# classical music and occultism?



## deprofundis (Apr 25, 2014)

Seem naive post, but sometime naive is a gentle honnest way...

Now bare whit me please im consider a mystic among my peers and i feell thee mystical way of seeing trought mysth do you understand this.

Ok now for the uttermost interresting part among classical composer ancient -today were consider mystic, ful blooded one.

If i go by era ars antiqua what your choice?

if i say ars vetus/ars nova?

Ars subtilior?

renaissance england and franco flemish? godz of polyphony?

amen to them, bless the music i says,thanks for reading this post any comment is welcome.

:tiphat:


----------



## eugeneonagain (May 14, 2017)

I like your posts. At first I didn't understand them, but like Caviare they are an acquired taste worth cultivating.


----------



## Selby (Nov 17, 2012)

Scriabin. Black Mass.


----------



## tdc (Jan 17, 2011)

I suspect Stravinsky was into the occult (probably the dark occult) - just a guess, no hard evidence. 

Titles like 'The Rite of Spring' and 'The Firebird' definitely have occult significance. Especially linking sacrifice with spring, that relates to the dark occult.


----------



## SONNET CLV (May 31, 2014)

I'll comment on this thread as soon as my crystal ball tells me what to say. In the meantime, I'll be listening to music by Peter Warlock.


----------



## Pat Fairlea (Dec 9, 2015)

SONNET CLV said:


> I'll comment on this thread as soon as my crystal ball tells me what to say. In the meantime, I'll be listening to music by Peter Warlock.


Ah yes, the artist formerly known as Philip Heseltine, possessor of possibly the mimsiest goatee beard in the history of western music. But his music's worth hearing, occult or not.


----------



## regenmusic (Oct 23, 2014)

tdc said:


> I suspect Stravinsky was into the occult (probably the dark occult) - just a guess, no hard evidence.
> 
> Titles like 'The Rite of Spring' and 'The Firebird' definitely have occult significance. Especially linking sacrifice with spring, that relates to the dark occult.


Stravinsky was a well-known Christian. Watch some of his video interviews on YouTube.


----------



## tdc (Jan 17, 2011)

regenmusic said:


> Stravinsky was a well-known Christian. Watch some of his video interviews on YouTube.


You could be right, but in general I think it is good to come to the realization that some "well-known Christians" are not what they seem, they are great liars just like the charismatic politicians you see on TV. But again I was just bringing Stravinsky up because of the occult references in those two works, whether or not he was involved in any of that or if it is just coincidence, I don't know. I absolutely could be wrong and as I've said before I don't have strong evidence.

One thing for certain, don't rule out the possibility that some so called Christians are actually Satanists or Luciferians. People that believe in the dark powers generally don't do it out in the open.

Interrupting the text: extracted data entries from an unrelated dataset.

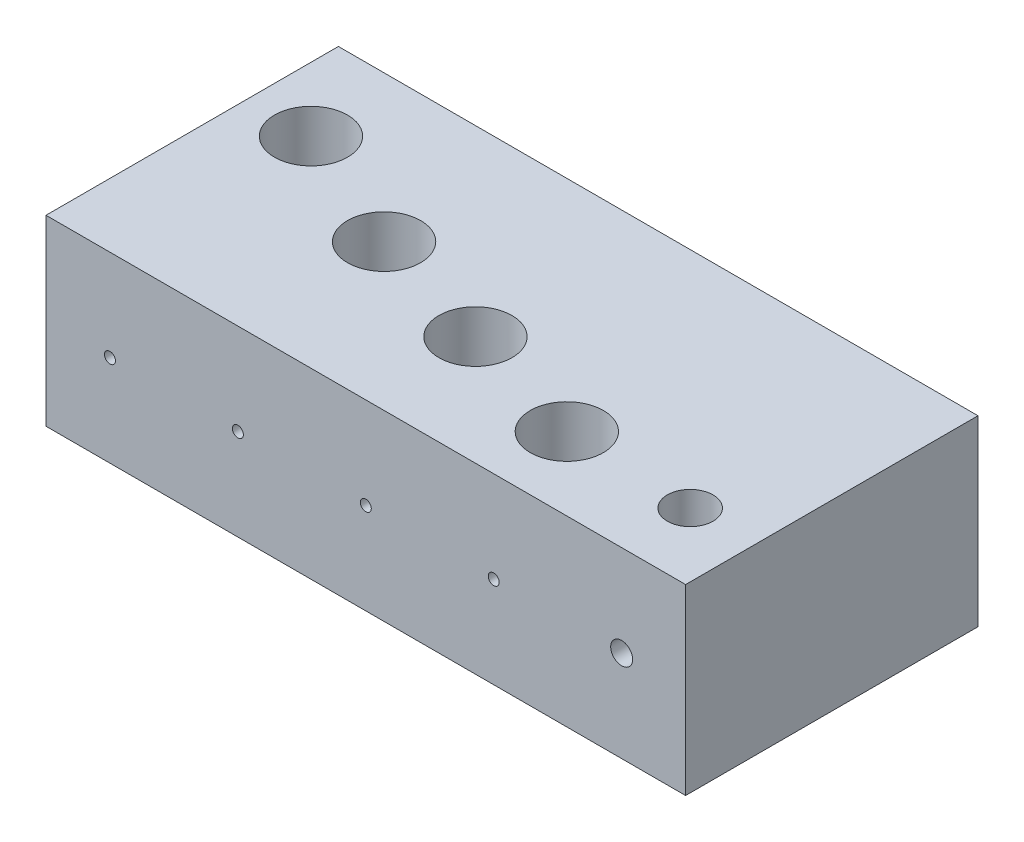
SolidWorks part; units mm, degrees
ref_plane "Front Plane" through (0, 0, 0) normal (0, 0, 1) x (1, 0, 0)
ref_plane "Top Plane" through (0, 0, 0) normal (0, 1, 0) x (1, 0, 0)
ref_plane "Right Plane" through (0, 0, 0) normal (1, 0, 0) x (0, 0, -1)
sketch "Sketch1" plane through (0, 0, 0) normal (0, 0, 1) x (1, 0, 0)
  line L1 (35, -10) -> (-35, -10)
  line L2 (35, -10) -> (35, 10)
  line L3 (35, 10) -> (-35, 10)
  line L4 (-35, -10) -> (-35, 10)
  line L5 (35, -10) -> (-35, 10) construction
  line L6 (35, 10) -> (-35, -10) construction
  point P0 (0, 0)
extrude "Boss-Extrude1" add sketch "Sketch1" along normal blind 32
sketch "Sketch3" plane through (0, 0, 32) normal (0, 0, 1) x (1, 0, 0)
  line L0 (0, 0) -> (-28, 0) construction
  line L1 (0, 0) -> (28, 0) construction
  circle A0 centre (0, 0) radius 0.6
  circle A1 centre (-14, 0) radius 0.6
  circle A2 centre (-28, 0) radius 0.6
  circle A3 centre (14, 0) radius 0.6
  circle A4 centre (28, 0) radius 1.2
extrude "Cut-Extrude1" cut sketch "Sketch3" against normal blind 10 contours A4
extrude "Cut-Extrude2" cut sketch "Sketch3<3>" against normal blind 12 contours A3
sketch "Sketch3<3>" plane through (0, 0, 32) normal (0, 0, 1) x (1, 0, 0) same geometry as "Sketch3"
extrude "Cut-Extrude3" cut sketch "Sketch3<4>" against normal blind 16 contours A0
sketch "Sketch3<4>" plane through (0, 0, 32) normal (0, 0, 1) x (1, 0, 0) same geometry as "Sketch3"
extrude "Cut-Extrude4" cut sketch "Sketch3<5>" against normal blind 20 contours A1
sketch "Sketch3<5>" plane through (0, 0, 32) normal (0, 0, 1) x (1, 0, 0) same geometry as "Sketch3"
extrude "Cut-Extrude5" cut sketch "Sketch3<6>" against normal blind 26 contours A2
sketch "Sketch3<6>" plane through (0, 0, 32) normal (0, 0, 1) x (1, 0, 0) same geometry as "Sketch3"
sketch "Sketch4" plane through (0, 10, 0) normal (0, 1, 0) x (1, 0, 0)
  line L0 (0, -32) -> (28, -32) construction
  line L1 (35, -32) -> (-35, -32) construction
  line L2 (0, -32) -> (-28, -32) construction
  line L3 (28, -32) -> (28, -24.5) construction
  line L4 (14, -32) -> (14, -24) construction
  line L5 (0, -32) -> (0, -20) construction
  line L6 (-14, -32) -> (-14, -16) construction
  line L7 (-28, -32) -> (-28, -10) construction
  circle A0 centre (28, -24.5) radius 2.5
  circle A1 centre (14, -24) radius 4
  circle A2 centre (0, -20) radius 4
  circle A3 centre (-14, -16) radius 4
  circle A4 centre (-28, -10) radius 4
extrude "Cut-Extrude6" cut sketch "Sketch4" against normal blind 15
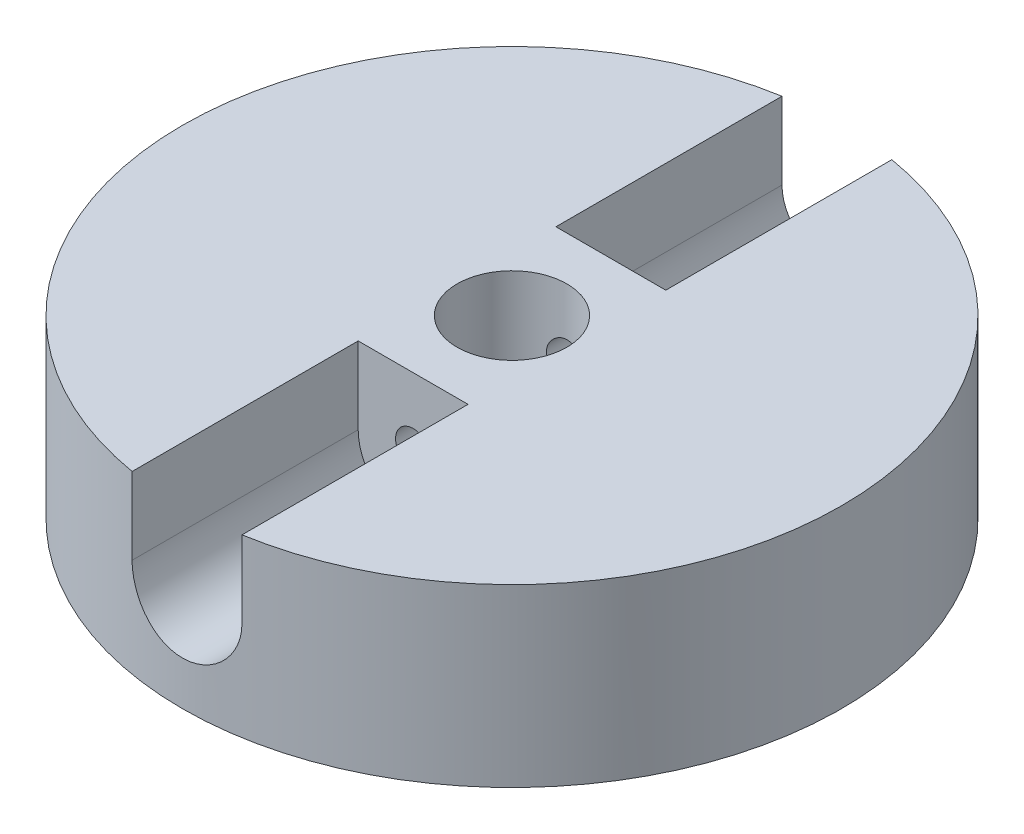
SolidWorks part; units mm, degrees
ref_plane "Front Plane" through (0, 0, 0) normal (0, 0, 1) x (1, 0, 0)
ref_plane "Top Plane" through (0, 0, 0) normal (0, 1, 0) x (1, 0, 0)
ref_plane "Right Plane" through (0, 0, 0) normal (1, 0, 0) x (0, 0, -1)
sketch "Sketch2" plane through (0, 0, 0) normal (0, 1, 0) x (1, 0, 0)
  circle A0 centre (0, 0) radius 15
  dimension "D1" = 30
extrude "Boss-Extrude1" add sketch "Sketch2" along normal blind 8
sketch "Sketch3" plane through (0, 8, 0) normal (0, 1, 0) x (1, 0, 0)
  circle A0 centre (0, 0) radius 12.5
  circle A1 centre (0, 0) radius 2.5
  dimension "D1" = 25
  dimension "D2" = 5
ref_plane "Plane1" through (0, 0, 4.5) normal (0, 0, 1) x (1, 0, 0)
ref_plane "Plane2" through (0, 0, 20) normal (0, 0, 1) x (1, 0, 0)
sketch "Sketch9" plane through (0, 0, 20) normal (0, 0, 1) x (1, 0, 0)
  line L0 (2.5, 0) -> (2.5, 2)
  line L1 (0, 0) -> (2.5, 0)
  line L2 (0, 0) -> (0, 8)
  line L3 (0, 8) -> (2.5, 8)
  line L4 (2.5, 0) -> (2.5, 8)
  line L5 (0, 8) -> (-2.5, 8)
  line L6 (-2.5, 8) -> (-2.5, 0)
  line L7 (-2.5, 0) -> (0, 0)
  line L8 (2.5, 2) -> (-2.5, 2)
  arc A0 (-2.5, 4.5) -> (2.5, 4.5) centre (0, 4.5) ccw
  dimension "D6" = 2.5
  dimension "D1" = 2
  dimension "D2" = 8
  dimension "D3" = 2.5
  dimension "D4" = 8
  dimension "D5" = 2.5
extrude "Cut-Extrude8" cut sketch "Sketch9" against normal blind 15.5 contours L8 L2 L5 L6 | L8 L4 L3 L2 region at (1.1821, 5.2398, 20) region at (-1.1821, 5.2398, 20)
ref_plane "Plane3" through (0, 0, -4.5) normal (0, 0, 1) x (1, 0, 0)
sketch "Sketch10" plane through (0, 0, -4.5) normal (0, 0, 1) x (1, 0, 0)
  line L1 (0, 0) -> (-2.5, 0)
  line L2 (0, 0) -> (0, 8)
  line L3 (0, 8) -> (-2.5, 8)
  line L4 (-2.5, 0) -> (-2.5, 8)
  line L5 (0, 0) -> (2.5, 0)
  line L6 (0, 0) -> (0, 8)
  line L7 (0, 8) -> (2.5, 8)
  line L8 (2.5, 0) -> (2.5, 8)
  arc A0 (-2.5, 4.5) -> (2.5, 4.5) centre (0, 4.5) ccw
  dimension "D5" = 4.5
  dimension "D1" = 8
  dimension "D2" = 2.5
  dimension "D3" = 2.5
  dimension "D4" = 8
extrude "Cut-Extrude15" cut sketch "Sketch10" against normal blind 18 contours L6 A0 L8 L7 | L4 A0 L6 L3 region at (-1.1821, 5.2398, -4.5) region at (1.1821, 5.2398, -4.5)
sketch "Sketch7" plane through (0, 0, 4.5) normal (0, 0, 1) x (1, 0, 0)
  line L0 (0, 0) -> (0, 5)
  circle A0 centre (0, 5) radius 1
  dimension "D1" = 5
extrude "Cut-Extrude16" cut sketch "Sketch3" against normal blind 6 contours A1 region at (0, 8, 0)
sketch "Sketch12" plane through (0, 0, 0) normal (0, -1, 0) x (1, 0, 0)
  line L0 (0, 0) -> (-10, 0)
  line L1 (0, 0) -> (-7.0711, 7.0711)
  circle A0 centre (-7.0711, 7.0711) radius 1.5
  circle A1 centre (7.0711, 7.0711) radius 1.5
  circle A2 centre (7.0711, -7.0711) radius 1.5
  circle A3 centre (-7.0711, -7.0711) radius 1.5
  point P14 (0, 0)
  dimension "D4" = 4
  dimension "D1" = 10
  dimension "D2" = 10
  dimension "D3" = 45
hole_wizard "M3 Tapped Hole2" positions "Sketch15" profile "Sketch16" tap size "M3" standard "ISO"
sketch "Sketch15" plane through (0, 0, 0) normal (0, -1, 0) x (-1, 0, 0)
  point P0 (7.0711, -7.0711)
  point P3 (-7.0711, -7.0711)
  point P6 (-7.0711, 7.0711)
  point P9 (7.0711, 7.0711)
sketch "Sketch16" plane through (-7.0711, 0, 7.0711) normal (1, 0, 0) x (0, 0, -1)
  line L0 (0, 0) -> (0, 3.2511)
  line L1 (0, 3.2511) -> (1.25, 2.5)
  line L2 (1.25, 2.5) -> (1.25, 0)
  line L5 (1.25, 0) -> (0, 0)
  line L10 (0, 3.2511) -> (-1.25, 2.5) construction
  line L11 (0, -6.35) -> (0, 107.95) construction
  dimension "Tap Drill Dia." = 2.5
  dimension "Tap Drill Depth" = 2.5
  dimension "Drill Angle" = 118
cosmetic thread "Hole Thread5" parameters "D1"=1, "D2"=3
cosmetic thread "Hole Thread6" parameters "D1"=1, "D2"=3
cosmetic thread "Hole Thread7" parameters "D1"=1, "D2"=3
cosmetic thread "Hole Thread8" parameters "D1"=1, "D2"=3
hole_wizard "M2 Tapped Hole1" positions "Sketch19" profile "Sketch20" tap size "M2" standard "ISO" end condition through all
sketch "Sketch19" plane through (0, 0, 4.5) normal (0, 0, 1) x (1, 0, 0)
  point P0 (0, 5)
cosmetic thread "Hole Thread9" parameters "D2"=2
sketch "Sketch20" plane through (0, 5, 4.5) normal (1, 0, 0) x (0, -1, 0)
  line L0 (0, 0) -> (0, 19.5)
  line L1 (0, 19.5) -> (0.8, 19.5)
  line L2 (0.8, 19.5) -> (0.8, 0)
  line L5 (0.8, 0) -> (0, 0)
  line L11 (0, -6.35) -> (0, 107.95) construction
  dimension "Thru Tap Drill Dia." = 1.6
  dimension "Thru Tap Drill Depth" = 19.5
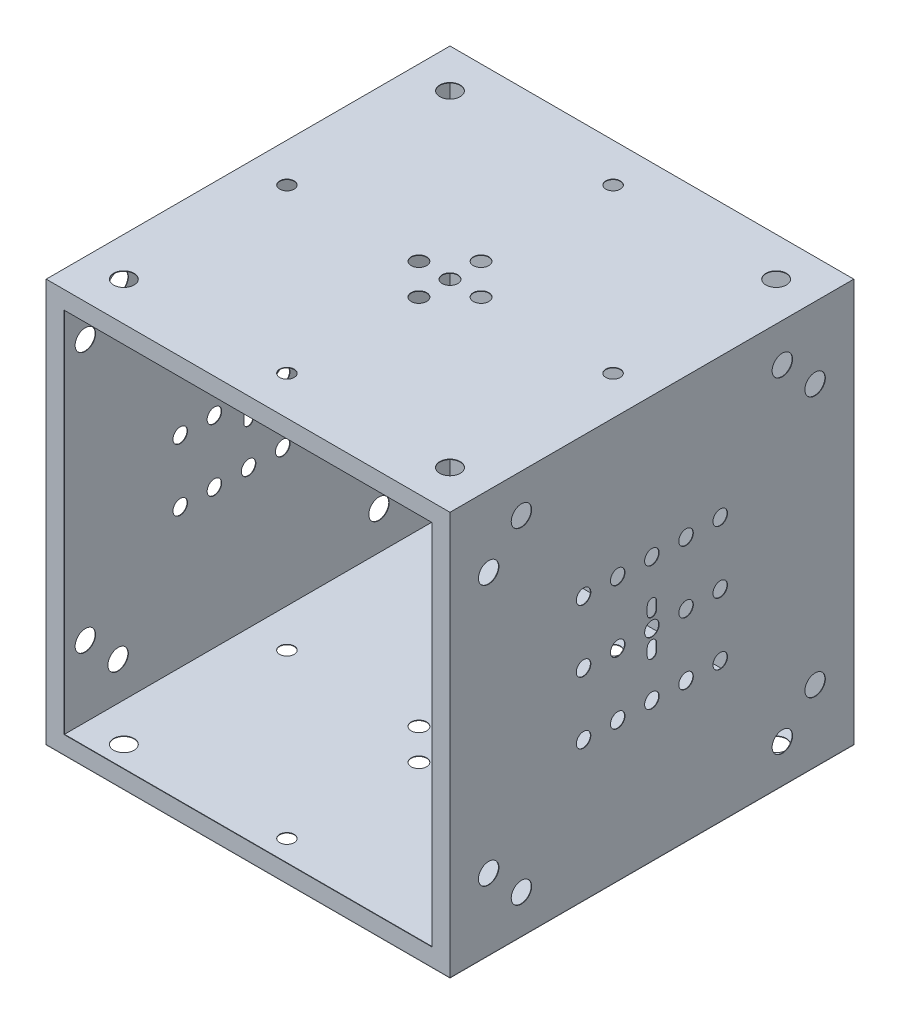
SolidWorks part; units mm, degrees
ref_plane "Front" through (0, 0, 0) normal (0, 0, 1) x (1, 0, 0)
ref_plane "Top" through (0, 0, 0) normal (0, 1, 0) x (1, 0, 0)
ref_plane "Right" through (0, 0, 0) normal (1, 0, 0) x (0, 0, -1)
sketch "Sketch1" plane through (0, 0, 0) normal (0, 1, 0) x (1, 0, 0)
  line L1 (-1300, 1300) -> (1300, 1300)
  line L2 (-1300, 1300) -> (-1300, -1300)
  line L3 (-1300, -1300) -> (1300, -1300)
  line L4 (1300, 1300) -> (1300, -1300)
  line L5 (-1300, 1300) -> (1300, -1300) construction
  line L6 (-1300, -1300) -> (1300, 1300) construction
  point P0 (0, 0)
  dimension "D1" = 2600
  dimension "D2" = 2600
extrude "Boss-Extrude1" add sketch "Sketch1" along normal blind 2597
shell "Shell1" thickness 3 removed face at (0, 1298.5, 1300)
sketch "Sketch3" plane through (0, 0, 1300) normal (0, 0, 1) x (1, 0, 0)
  line L0 (-1300, 2597) -> (1300, 0) construction
  line L1 (-1300, 0) -> (1300, 2597) construction
  line L2 (1300, 2597) -> (1300, 0) construction
  line L3 (-1300, 2597) -> (1300, 2597) construction
  line L5 (-1300, 0) -> (1300, 0)
  line L6 (-1300, 0) -> (-1300, 2597)
  line L7 (-1300, 2597) -> (1300, 2597)
  line L8 (1300, 0) -> (1300, 2597)
  line L9 (-1300, 0) -> (1300, 2597) construction
  line L10 (-1300, 2597) -> (1300, 0) construction
  line L11 (-1185, 115) -> (1185, 115)
  line L12 (-1185, 115) -> (-1185, 2482)
  line L13 (-1185, 2482) -> (1185, 2482)
  line L14 (1185, 115) -> (1185, 2482)
  line L15 (-1185, 115) -> (1185, 2482) construction
  line L16 (-1185, 2482) -> (1185, 115) construction
  point P11 (0, 1298.5)
  point P12 (0, 1298.5)
  dimension "D1" = 115
  dimension "D2" = 115
extrude "Boss-Extrude2" add sketch "Sketch3" against normal blind 3
sketch "Sketch4" plane through (0, 2597, 0) normal (0, 1, 0) x (1, 0, 0)
  line L0 (-1300, 0) -> (1300, 0) construction
  line L1 (-1300, 1300) -> (-1300, -1300) construction
  line L2 (1300, -1300) -> (1300, 1300) construction
  line L3 (0, 1300) -> (0, -1300) construction
  line L4 (1300, 1300) -> (-1300, 1300) construction
  line L5 (-1300, -1300) -> (1300, -1300) construction
  line L6 (0, 0) -> (1300, 1300) construction
  line L7 (0, 0) -> (0, 200) construction
  circle A0 centre (0, 0) radius 49.85
  circle A4 centre (0, 200) radius 49.85
  circle A5 centre (0, 1050) radius 46.75
  circle A7 centre (1050, 1050) radius 65.8
  circle A8 centre (200, 0) radius 49.85
  circle A9 centre (1050, 0) radius 46.75
  circle A10 centre (1050, -1050) radius 65.8
  circle A11 centre (0, -200) radius 49.85
  circle A12 centre (0, -1050) radius 46.75
  circle A13 centre (-1050, -1050) radius 65.8
  circle A14 centre (-1050, 0) radius 46.75
  circle A15 centre (-200, 0) radius 49.85
  circle A16 centre (-1050, 1050) radius 65.8
  dimension "D1" = 99.7
  dimension "D2" = 131.6
  dimension "D6" = 93.5
  dimension "D3" = 1050
  dimension "D5" = 200
  dimension "D7" = 1050
  dimension "D4" = 2
extrude "Cut-Extrude1" cut sketch "Sketch4" against normal through all
sketch "Sketch5" plane through (0, 0, -1300) normal (0, 0, -1) x (-1, 0, 0)
  line L0 (-1300, 1298.5) -> (1300, 1298.5) construction
  line L1 (-1300, 2597) -> (-1300, 0) construction
  line L2 (1300, 2597) -> (1300, 0) construction
  line L3 (0, 0) -> (0, 2597) construction
  line L4 (-1300, 2597) -> (1300, 2597) construction
  line L5 (-1300, 2597) -> (0, 1298.5) construction
  circle A0 centre (0, 1298.5) radius 91.2
  circle A1 centre (0, 1438.5) radius 35.635
  circle A2 centre (-222, 1680.5) radius 91.2
  circle A3 centre (222, 916.5) radius 91.2
  circle A4 centre (-900, 2197.4615) radius 65.8
  circle A5 centre (0, 1158.5) radius 35.635
  circle A6 centre (-900, 399.5385) radius 65.8
  circle A7 centre (900, 399.5385) radius 65.8
  circle A8 centre (900, 2197.4615) radius 65.8
  dimension "D1" = 182.4
  dimension "D2" = 71.27
  dimension "D4" = 182.4
  dimension "D9" = 182.4
  dimension "D10" = 131.6
  dimension "D3" = 140
  dimension "D5" = 222
  dimension "D6" = 382
  dimension "D7" = 222
  dimension "D8" = 382
  dimension "D11" = 900
extrude "Cut-Extrude2" cut sketch "Sketch5" against normal through all
sketch "Sketch6" plane through (-1300, 0, 0) normal (-1, 0, 0) x (0, 0, 1)
  line L0 (-1300, 1298.5) -> (1300, 1298.5) construction
  line L1 (-1300, 2597) -> (-1300, 0) construction
  line L2 (1300, 2597) -> (1300, 0) construction
  line L3 (0, 2597) -> (0, 0) construction
  line L4 (-1300, 2597) -> (1300, 2597) construction
  line L5 (0, 1298.5) -> (-1297, 2594) construction
  line L6 (0, 1438.5) -> (0, 1391) construction
  line L7 (30, 1438.5) -> (30, 1391)
  line L8 (-30, 1438.5) -> (-30, 1391)
  line L9 (0, 1298.5) -> (0, 1698.5) construction
  line L10 (0, 1698.5) -> (-220, 1698.5) construction
  line L11 (0, 1158.5) -> (0, 1206) construction
  line L12 (30, 1158.5) -> (30, 1206)
  line L13 (-30, 1158.5) -> (-30, 1206)
  circle A0 centre (0, 1298.5) radius 46.75
  arc A1 (30, 1438.5) -> (-30, 1438.5) centre (0, 1438.5) ccw
  arc A2 (-30, 1391) -> (30, 1391) centre (0, 1391) ccw
  circle A3 centre (0, 1698.5) radius 46.75
  circle A4 centre (-220, 1698.5) radius 46.75
  circle A5 centre (-220, 1298.5) radius 46.75
  circle A6 centre (-440, 1698.5) radius 46.75
  circle A7 centre (-440, 1298.5) radius 46.75
  circle A8 centre (-840, 2348.5) radius 65.8
  circle A9 centre (-1050.9713, 2137.2844) radius 65.8
  circle A10 centre (220, 1298.5) radius 46.75
  circle A11 centre (440, 1298.5) radius 46.75
  circle A12 centre (440, 1698.5) radius 46.75
  circle A13 centre (220, 1698.5) radius 46.75
  circle A14 centre (1050.9713, 2137.2844) radius 65.8
  circle A15 centre (840, 2348.5) radius 65.8
  arc A16 (30, 1158.5) -> (-30, 1158.5) centre (0, 1158.5) cw
  arc A17 (-30, 1206) -> (30, 1206) centre (0, 1206) cw
  circle A18 centre (-440, 898.5) radius 46.75
  circle A19 centre (-220, 898.5) radius 46.75
  circle A20 centre (0, 898.5) radius 46.75
  circle A21 centre (220, 898.5) radius 46.75
  circle A22 centre (440, 898.5) radius 46.75
  circle A23 centre (1050.9713, 459.7156) radius 65.8
  circle A24 centre (840, 248.5) radius 65.8
  circle A25 centre (-840, 248.5) radius 65.8
  circle A26 centre (-1050.9713, 459.7156) radius 65.8
  point P17 (0, 1414.75)
  point P53 (0, 1182.25)
  dimension "D1" = 93.5
  dimension "D2" = 30
  dimension "D9" = 131.6
  dimension "D3" = 47.5
  dimension "D4" = 92.5
  dimension "D6" = 400
  dimension "D8" = 220
  dimension "D10" = 1050
  dimension "D11" = 840
  dimension "D5" = 2
  dimension "D7" = 3
extrude "Cut-Extrude3" cut sketch "Sketch6" against normal through all
split "Split1" bodies to split 107 resulting bodies 108 109 split by face at (-1050, 3, 1115.8)

They hide their true belief systems, and they are generally damn smart, charming and good at what they do.


----------



## chill782002 (Jan 12, 2017)

I had an associate years ago who was a member of the Ordo Templi Orientis. Best to stay away from anything that Aleister Crowley was involved in, in my view. As for music, some of Scelsi's is believed to be informed by occult knowledge but I have no idea whether that is true or not.


----------



## cimirro (Sep 6, 2016)

Maybe too modern for our friend deprofundis,
anyway Sorabji is my first answer...


----------



## St Matthew (Aug 26, 2017)

chill782002 said:


> I had an associate years ago who was a member of the Ordo Templi Orientis. Best to stay away from anything that Aleister Crowley was involved in, in my view. As for music, some of Scelsi's is believed to be informed by occult knowledge but I have no idea whether that is true or not.


Better stay away from me then.

What religion do you follow? Are you a hyper-conservative Christian? Aka "the occult is evil"

Cause if you are, I'm not able to respect your opinion


----------



## chill782002 (Jan 12, 2017)

St Matthew said:


> Better stay away from me then.
> 
> What religion do you follow? Are you a hyper-conservative Christian? Aka "the occult is evil"
> 
> Cause if you are, I'm not able to respect your opinion


No, an extremely lapsed Anglican. I don't take the view that the occult is evil, per se, just that old Frater Perdurabo was involved in some fairly unsavoury things and that his particular school of the occult is not something to be taken lightly.


----------



## bz3 (Oct 15, 2015)

I'm a Christian* but interested in the occult. I don't think they are mutually exclusive at all, but I do think Crowley was a completely trash human being given the gift of self-promotion and salesmanship. I also think it's in the nature of occult to attract damaged or otherwise mal-adapted people, so that is immediately a turnoff to most people (the same could be said about quite a number of valuable fields of interest).

*Christian in that I believe in and follow the teachings of Jesus Christ.


----------



## Mandryka (Feb 22, 2013)

deprofundis said:


> Seem naive post, but sometime naive is a gentle honnest way...
> 
> Now bare whit me please im consider a mystic among my peers and i feell thee mystical way of seeing trought mysth do you understand this.
> 
> ...


Fumeux fume par fumée.









This is Le Concert dans l'œuf, the original by Hieronymus Bosch. Note the achemist with the seive on his head with smoke coming out.

There's a classic paper on this (which I've never read  ) by Bruno Cerchio (Il suono filosofale, Libreria Musicale Italiana, Lucca,1993).


----------



## Gaspard de la Nuit (Oct 20, 2014)

I think we'd have to define occult first but for convenience I would just say it's metaphysical or spiritual concepts that exist on the periphery of the major religions.

Definitely Scriabin and his barely-begun Mysterium:

_Scriabin intended the performance to be in the foothills of the Himalayas in India, a week-long event that would be followed by the end of the world and the replacement of the human race with "nobler beings"._

https://en.wikipedia.org/wiki/Mysterium_(Scriabin)

Holst wrote the Planets suite as being based on the mystical significance of the planets/ what they symbolize in Vedic thinking. Which is basically akin to astrology.

Dane Rudyhar was a composer turned astrologer.

I would think of Wagner as being a quasi-mystical philosopher, like other German-speaking thinkers around that time he was pre-occupied with Buddhist ideas and other assorted metaphysical concepts from India.

Cesar Franck was supposedly a mystic of some variety.

I read something in passing about Satie and Messaien subscribing to the mystical facets of whatever their religious sects were.

I guess many of these would not be considered "occult" but they are each mystical in their own respect.


----------



## classical yorkist (Jun 29, 2017)

I believe that Satie was involved in Rosicrucianism. There have also been rumours re. Debussy and the Rosicrucian order but they are far from definite.


----------